Они так же, как и он, приехали из маленьких городков и сел, из домиков с палисадниками, в которых цвели анютины глазки, из домиков с окнами и вырезанными наличниками и крылечком, над которым кукарекал вырезанный из жести петух, в черных сатиновых рубашках, полотняных брюках, в обмотках и парусиновых туфлях, воспаленные, возбужденные, взбаламученные, больше всего на свете жаждущие, мечтающие взять кайло в руки и лежа на спине рубить уголь или руду, или глину в тоннеле в метро, или, если повезет, стать у токарного, фрезерного или револьверного станка, но уже на пределе мечтаний — взять в руки винтовку и быть ворошиловским стрелком, — честные, чистые, отчаянные, голодные и веселые.

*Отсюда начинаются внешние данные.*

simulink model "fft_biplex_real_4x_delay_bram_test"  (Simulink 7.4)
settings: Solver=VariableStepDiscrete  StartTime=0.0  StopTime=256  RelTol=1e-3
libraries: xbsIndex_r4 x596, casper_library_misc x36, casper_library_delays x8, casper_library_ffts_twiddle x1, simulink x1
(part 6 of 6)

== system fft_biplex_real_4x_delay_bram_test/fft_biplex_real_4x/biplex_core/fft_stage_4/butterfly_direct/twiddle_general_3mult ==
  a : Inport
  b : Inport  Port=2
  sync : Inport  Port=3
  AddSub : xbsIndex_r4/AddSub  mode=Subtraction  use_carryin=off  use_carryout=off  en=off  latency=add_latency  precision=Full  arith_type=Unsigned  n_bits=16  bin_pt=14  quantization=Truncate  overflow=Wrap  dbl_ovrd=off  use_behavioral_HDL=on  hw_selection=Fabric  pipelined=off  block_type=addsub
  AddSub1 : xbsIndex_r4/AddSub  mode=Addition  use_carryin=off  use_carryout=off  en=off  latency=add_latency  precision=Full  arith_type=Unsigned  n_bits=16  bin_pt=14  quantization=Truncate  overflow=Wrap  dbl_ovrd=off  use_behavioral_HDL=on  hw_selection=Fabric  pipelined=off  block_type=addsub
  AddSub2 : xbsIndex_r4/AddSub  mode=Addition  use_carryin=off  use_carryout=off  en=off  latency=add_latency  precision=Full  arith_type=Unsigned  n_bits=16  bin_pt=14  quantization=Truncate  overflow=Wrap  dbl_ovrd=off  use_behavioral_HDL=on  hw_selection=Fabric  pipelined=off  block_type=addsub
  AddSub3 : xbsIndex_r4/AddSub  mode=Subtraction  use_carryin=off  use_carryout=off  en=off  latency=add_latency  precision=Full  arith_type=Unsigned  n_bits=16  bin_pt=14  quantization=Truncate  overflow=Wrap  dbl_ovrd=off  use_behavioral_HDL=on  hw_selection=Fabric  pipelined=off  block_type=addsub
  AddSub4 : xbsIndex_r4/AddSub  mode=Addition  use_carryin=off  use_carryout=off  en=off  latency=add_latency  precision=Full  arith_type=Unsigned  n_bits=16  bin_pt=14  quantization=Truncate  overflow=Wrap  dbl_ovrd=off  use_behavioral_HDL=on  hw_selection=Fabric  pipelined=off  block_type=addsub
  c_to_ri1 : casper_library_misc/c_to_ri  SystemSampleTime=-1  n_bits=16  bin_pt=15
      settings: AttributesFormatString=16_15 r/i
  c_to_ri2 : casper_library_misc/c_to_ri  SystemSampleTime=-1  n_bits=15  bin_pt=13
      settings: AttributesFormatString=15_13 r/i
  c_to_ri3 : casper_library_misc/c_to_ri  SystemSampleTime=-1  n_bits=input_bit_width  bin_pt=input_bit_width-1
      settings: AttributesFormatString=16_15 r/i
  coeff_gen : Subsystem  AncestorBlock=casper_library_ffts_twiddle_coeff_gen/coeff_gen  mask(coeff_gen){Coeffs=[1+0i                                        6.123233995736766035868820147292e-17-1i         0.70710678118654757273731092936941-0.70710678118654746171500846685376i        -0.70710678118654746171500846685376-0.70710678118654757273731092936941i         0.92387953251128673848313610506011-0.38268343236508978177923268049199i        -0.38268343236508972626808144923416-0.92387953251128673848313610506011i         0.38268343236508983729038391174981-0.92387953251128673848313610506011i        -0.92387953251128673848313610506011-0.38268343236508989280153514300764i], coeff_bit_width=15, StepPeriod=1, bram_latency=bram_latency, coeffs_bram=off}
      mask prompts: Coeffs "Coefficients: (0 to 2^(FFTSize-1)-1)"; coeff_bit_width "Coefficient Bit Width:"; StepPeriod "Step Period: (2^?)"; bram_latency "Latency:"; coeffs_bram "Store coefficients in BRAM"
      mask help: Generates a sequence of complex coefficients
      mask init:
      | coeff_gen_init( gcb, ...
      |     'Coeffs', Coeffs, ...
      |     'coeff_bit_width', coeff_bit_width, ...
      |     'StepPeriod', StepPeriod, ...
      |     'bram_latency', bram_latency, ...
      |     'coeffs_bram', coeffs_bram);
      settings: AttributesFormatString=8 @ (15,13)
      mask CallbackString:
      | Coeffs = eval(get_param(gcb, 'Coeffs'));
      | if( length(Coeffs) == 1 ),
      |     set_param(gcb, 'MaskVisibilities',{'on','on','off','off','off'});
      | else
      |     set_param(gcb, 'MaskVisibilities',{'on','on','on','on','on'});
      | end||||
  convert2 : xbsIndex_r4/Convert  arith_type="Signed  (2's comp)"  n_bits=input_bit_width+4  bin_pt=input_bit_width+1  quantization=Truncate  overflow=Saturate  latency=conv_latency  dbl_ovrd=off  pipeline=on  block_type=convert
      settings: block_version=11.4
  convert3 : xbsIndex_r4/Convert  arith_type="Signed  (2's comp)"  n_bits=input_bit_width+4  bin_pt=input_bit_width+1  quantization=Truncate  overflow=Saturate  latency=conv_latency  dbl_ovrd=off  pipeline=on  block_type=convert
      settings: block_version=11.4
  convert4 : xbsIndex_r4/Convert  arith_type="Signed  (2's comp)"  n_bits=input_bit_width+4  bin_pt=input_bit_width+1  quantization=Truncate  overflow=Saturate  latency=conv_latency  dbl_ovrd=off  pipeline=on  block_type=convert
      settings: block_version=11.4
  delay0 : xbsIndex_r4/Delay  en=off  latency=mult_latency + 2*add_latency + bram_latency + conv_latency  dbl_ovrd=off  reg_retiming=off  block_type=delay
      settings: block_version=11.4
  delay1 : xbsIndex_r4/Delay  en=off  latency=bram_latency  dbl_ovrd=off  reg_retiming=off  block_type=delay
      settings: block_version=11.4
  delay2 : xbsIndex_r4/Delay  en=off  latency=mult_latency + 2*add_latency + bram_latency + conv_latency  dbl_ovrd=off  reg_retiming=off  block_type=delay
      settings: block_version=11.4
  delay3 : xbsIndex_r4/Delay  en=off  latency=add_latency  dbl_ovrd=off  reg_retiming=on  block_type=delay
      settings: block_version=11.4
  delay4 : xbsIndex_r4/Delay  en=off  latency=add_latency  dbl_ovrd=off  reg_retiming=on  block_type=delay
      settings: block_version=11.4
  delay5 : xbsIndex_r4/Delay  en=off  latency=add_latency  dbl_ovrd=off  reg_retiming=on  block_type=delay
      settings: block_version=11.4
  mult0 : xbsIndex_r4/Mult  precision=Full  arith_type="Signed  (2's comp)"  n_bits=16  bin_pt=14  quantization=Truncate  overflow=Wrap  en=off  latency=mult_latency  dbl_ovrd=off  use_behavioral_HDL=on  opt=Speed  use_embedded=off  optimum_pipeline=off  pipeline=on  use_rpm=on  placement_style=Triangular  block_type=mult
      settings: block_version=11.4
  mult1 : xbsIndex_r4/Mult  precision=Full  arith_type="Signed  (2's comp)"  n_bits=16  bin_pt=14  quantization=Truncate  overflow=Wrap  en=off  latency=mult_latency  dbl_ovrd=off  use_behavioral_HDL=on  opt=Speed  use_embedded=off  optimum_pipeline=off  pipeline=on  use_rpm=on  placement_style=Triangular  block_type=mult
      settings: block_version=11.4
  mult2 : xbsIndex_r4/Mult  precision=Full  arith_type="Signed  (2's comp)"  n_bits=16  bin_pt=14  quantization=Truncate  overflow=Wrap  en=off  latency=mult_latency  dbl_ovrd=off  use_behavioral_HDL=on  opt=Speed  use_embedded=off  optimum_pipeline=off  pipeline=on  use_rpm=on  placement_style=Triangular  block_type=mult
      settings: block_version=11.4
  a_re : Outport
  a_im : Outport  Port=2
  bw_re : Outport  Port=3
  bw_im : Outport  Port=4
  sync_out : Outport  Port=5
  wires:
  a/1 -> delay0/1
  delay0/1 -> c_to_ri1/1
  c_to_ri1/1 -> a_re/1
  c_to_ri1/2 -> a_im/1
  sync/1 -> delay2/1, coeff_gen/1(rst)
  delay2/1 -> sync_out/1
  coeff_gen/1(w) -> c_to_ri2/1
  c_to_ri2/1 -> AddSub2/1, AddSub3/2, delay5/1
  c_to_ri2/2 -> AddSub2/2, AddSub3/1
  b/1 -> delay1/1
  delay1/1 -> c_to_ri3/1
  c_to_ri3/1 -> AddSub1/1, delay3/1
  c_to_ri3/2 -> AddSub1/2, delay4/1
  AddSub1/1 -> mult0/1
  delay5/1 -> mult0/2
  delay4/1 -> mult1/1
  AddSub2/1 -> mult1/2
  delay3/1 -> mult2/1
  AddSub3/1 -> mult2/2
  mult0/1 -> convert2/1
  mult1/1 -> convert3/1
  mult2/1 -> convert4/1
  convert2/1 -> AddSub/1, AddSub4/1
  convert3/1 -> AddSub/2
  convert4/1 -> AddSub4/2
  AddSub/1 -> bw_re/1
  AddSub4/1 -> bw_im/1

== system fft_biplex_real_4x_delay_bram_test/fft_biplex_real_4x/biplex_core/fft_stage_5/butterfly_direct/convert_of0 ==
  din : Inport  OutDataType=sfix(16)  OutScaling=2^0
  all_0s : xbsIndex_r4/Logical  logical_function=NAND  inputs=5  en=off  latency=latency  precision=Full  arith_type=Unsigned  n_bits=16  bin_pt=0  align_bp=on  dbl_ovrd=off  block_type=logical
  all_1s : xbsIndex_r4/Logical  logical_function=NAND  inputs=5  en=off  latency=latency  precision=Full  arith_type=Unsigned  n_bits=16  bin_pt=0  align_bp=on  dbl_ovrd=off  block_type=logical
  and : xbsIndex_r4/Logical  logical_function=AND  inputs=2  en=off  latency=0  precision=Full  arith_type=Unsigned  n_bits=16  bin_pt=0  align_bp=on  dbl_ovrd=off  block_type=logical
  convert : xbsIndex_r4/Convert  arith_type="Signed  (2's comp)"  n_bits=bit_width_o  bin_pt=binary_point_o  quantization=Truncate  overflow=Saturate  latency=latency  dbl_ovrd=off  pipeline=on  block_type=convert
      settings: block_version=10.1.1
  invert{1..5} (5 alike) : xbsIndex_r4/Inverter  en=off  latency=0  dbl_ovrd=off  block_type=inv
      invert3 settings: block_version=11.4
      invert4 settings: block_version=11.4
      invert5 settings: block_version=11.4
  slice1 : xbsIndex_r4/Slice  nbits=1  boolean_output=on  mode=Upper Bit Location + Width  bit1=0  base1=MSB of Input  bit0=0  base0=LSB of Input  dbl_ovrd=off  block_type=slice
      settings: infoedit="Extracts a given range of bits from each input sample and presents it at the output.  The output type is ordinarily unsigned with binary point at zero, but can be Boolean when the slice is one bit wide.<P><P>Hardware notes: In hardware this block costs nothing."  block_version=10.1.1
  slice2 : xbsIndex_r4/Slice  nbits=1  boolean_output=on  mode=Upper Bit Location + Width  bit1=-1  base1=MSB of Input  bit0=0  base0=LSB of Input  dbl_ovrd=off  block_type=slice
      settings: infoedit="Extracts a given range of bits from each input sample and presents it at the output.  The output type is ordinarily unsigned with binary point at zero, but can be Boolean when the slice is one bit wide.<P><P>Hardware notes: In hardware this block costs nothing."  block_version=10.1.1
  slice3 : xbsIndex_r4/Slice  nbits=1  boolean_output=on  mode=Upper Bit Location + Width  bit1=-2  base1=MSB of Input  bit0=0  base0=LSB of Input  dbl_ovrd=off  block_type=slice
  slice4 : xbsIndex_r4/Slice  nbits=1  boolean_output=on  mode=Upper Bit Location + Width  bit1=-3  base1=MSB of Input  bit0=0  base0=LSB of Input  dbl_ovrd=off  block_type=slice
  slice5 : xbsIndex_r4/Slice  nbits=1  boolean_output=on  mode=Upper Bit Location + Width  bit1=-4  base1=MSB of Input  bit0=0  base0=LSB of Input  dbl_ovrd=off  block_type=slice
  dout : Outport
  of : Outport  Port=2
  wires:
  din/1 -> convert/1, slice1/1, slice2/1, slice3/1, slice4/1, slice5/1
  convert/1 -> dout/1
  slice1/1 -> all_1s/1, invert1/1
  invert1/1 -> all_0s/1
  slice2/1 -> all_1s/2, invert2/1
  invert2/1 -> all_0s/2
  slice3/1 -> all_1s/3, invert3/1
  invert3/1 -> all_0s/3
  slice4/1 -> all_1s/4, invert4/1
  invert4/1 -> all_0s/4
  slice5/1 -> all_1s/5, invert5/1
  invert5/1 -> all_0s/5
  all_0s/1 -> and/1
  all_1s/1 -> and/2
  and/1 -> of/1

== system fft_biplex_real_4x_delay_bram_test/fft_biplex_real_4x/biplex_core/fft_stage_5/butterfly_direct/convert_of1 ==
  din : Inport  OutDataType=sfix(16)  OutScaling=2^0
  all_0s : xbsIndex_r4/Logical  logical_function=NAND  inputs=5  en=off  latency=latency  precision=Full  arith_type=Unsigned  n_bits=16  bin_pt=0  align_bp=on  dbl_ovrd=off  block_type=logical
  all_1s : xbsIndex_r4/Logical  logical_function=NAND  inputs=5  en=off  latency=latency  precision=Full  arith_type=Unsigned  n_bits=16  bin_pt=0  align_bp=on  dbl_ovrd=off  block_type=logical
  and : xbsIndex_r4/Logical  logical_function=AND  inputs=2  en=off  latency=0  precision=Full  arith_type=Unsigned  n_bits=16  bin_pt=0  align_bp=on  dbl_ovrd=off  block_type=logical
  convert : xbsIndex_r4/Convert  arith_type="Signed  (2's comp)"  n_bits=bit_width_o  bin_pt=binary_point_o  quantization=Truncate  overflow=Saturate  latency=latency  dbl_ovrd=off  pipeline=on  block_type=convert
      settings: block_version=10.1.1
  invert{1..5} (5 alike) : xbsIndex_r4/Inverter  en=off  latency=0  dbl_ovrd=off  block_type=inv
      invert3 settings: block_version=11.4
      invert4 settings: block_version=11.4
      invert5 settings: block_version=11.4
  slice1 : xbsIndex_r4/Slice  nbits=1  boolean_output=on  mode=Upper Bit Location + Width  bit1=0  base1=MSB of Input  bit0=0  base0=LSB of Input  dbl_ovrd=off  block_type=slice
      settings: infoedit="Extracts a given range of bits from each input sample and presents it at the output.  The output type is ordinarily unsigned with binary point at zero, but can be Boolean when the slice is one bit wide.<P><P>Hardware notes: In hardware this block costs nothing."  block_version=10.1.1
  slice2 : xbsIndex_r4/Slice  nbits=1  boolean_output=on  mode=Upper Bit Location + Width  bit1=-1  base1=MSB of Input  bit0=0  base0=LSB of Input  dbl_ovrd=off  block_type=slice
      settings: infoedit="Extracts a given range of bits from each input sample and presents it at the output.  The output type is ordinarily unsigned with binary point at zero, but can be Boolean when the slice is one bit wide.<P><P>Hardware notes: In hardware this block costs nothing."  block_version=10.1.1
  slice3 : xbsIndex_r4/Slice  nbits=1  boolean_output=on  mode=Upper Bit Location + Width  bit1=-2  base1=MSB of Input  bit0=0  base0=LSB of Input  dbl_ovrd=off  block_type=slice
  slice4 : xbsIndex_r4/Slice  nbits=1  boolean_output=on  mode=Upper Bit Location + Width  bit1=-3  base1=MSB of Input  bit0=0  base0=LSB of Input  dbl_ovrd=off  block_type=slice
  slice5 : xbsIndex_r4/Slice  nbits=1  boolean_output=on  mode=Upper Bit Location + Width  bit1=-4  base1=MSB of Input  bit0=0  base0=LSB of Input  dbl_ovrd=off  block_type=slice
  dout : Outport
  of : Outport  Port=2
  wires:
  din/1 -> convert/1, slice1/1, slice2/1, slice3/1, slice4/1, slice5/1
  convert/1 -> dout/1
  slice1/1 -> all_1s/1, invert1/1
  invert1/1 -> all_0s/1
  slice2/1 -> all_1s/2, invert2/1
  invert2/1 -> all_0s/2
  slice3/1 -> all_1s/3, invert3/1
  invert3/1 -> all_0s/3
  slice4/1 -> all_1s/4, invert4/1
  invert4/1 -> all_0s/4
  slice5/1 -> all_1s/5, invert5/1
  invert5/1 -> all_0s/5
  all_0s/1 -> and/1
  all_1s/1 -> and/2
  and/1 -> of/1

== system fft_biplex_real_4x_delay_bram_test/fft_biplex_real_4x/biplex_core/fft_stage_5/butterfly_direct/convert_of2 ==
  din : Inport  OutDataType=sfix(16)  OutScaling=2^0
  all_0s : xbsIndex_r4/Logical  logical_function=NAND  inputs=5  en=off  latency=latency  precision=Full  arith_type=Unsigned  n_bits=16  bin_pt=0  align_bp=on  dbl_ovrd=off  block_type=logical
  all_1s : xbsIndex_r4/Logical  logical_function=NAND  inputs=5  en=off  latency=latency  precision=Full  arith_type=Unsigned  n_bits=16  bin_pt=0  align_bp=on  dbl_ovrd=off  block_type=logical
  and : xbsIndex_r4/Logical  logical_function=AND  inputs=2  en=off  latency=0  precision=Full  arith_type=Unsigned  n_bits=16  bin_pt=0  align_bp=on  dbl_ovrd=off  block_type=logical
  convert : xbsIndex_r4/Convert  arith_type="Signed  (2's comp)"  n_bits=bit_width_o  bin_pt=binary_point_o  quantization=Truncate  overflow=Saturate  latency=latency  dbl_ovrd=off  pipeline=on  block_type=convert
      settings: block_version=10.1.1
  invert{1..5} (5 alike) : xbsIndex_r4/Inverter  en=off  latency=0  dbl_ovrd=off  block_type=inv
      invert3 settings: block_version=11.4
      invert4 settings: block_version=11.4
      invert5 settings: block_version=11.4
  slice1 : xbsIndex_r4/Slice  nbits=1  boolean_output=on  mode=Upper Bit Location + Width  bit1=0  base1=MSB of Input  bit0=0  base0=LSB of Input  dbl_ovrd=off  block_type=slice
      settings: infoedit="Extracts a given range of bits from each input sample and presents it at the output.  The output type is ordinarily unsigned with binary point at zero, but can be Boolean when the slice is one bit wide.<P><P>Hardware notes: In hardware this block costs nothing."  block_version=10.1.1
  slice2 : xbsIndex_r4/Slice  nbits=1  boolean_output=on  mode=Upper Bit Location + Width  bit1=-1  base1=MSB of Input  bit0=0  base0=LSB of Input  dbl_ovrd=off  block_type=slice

Когда все сидели за одним длинным столом на лекции, ибо у нас не было ни парт, ни столиков, ни тех поднимающихся к потолку галерок, которые мы видим на фотографических снимках и в кино, а просто был длинный стол во всю огромную полуподвальную комнату, когда мы вот так сидели вечерами и кто записывал лекцию слово в слово — стенографически, кто конспектировал, а кто просто слушал, впитывая в себя, а кто слушал и не впитывал, а просто все это было как звон колокольчиков или шум метели за окном, а кто не только не слушал, но даже не знал, о чем говорят, и говорят ли вообще, и сочинял стихи или писал письмо, или просто так — рисовал кучерявые головки, человечков-уродцев, — так вот, когда мы вот так сидели — все молодые и не очень молодые — от восемнадцати до двадцати семи лет, — все как бы рассуждали одинаково, почти одинаково оценивали явления, только разве в художественных вкусах не сходились, и кто знал, кто мог бы догадаться, что именно отсюда, из этого тихого кроткого курса вынырнут, вырастут, появятся вот эти, этот извивающийся, изгибающийся, в такт времени вибрирующая глиста с кучерявой головкой, и этот насыщенный злобой и водкой горбун с красными кроткими глазами кролика, и этот хрипун с крупными черными бородавками.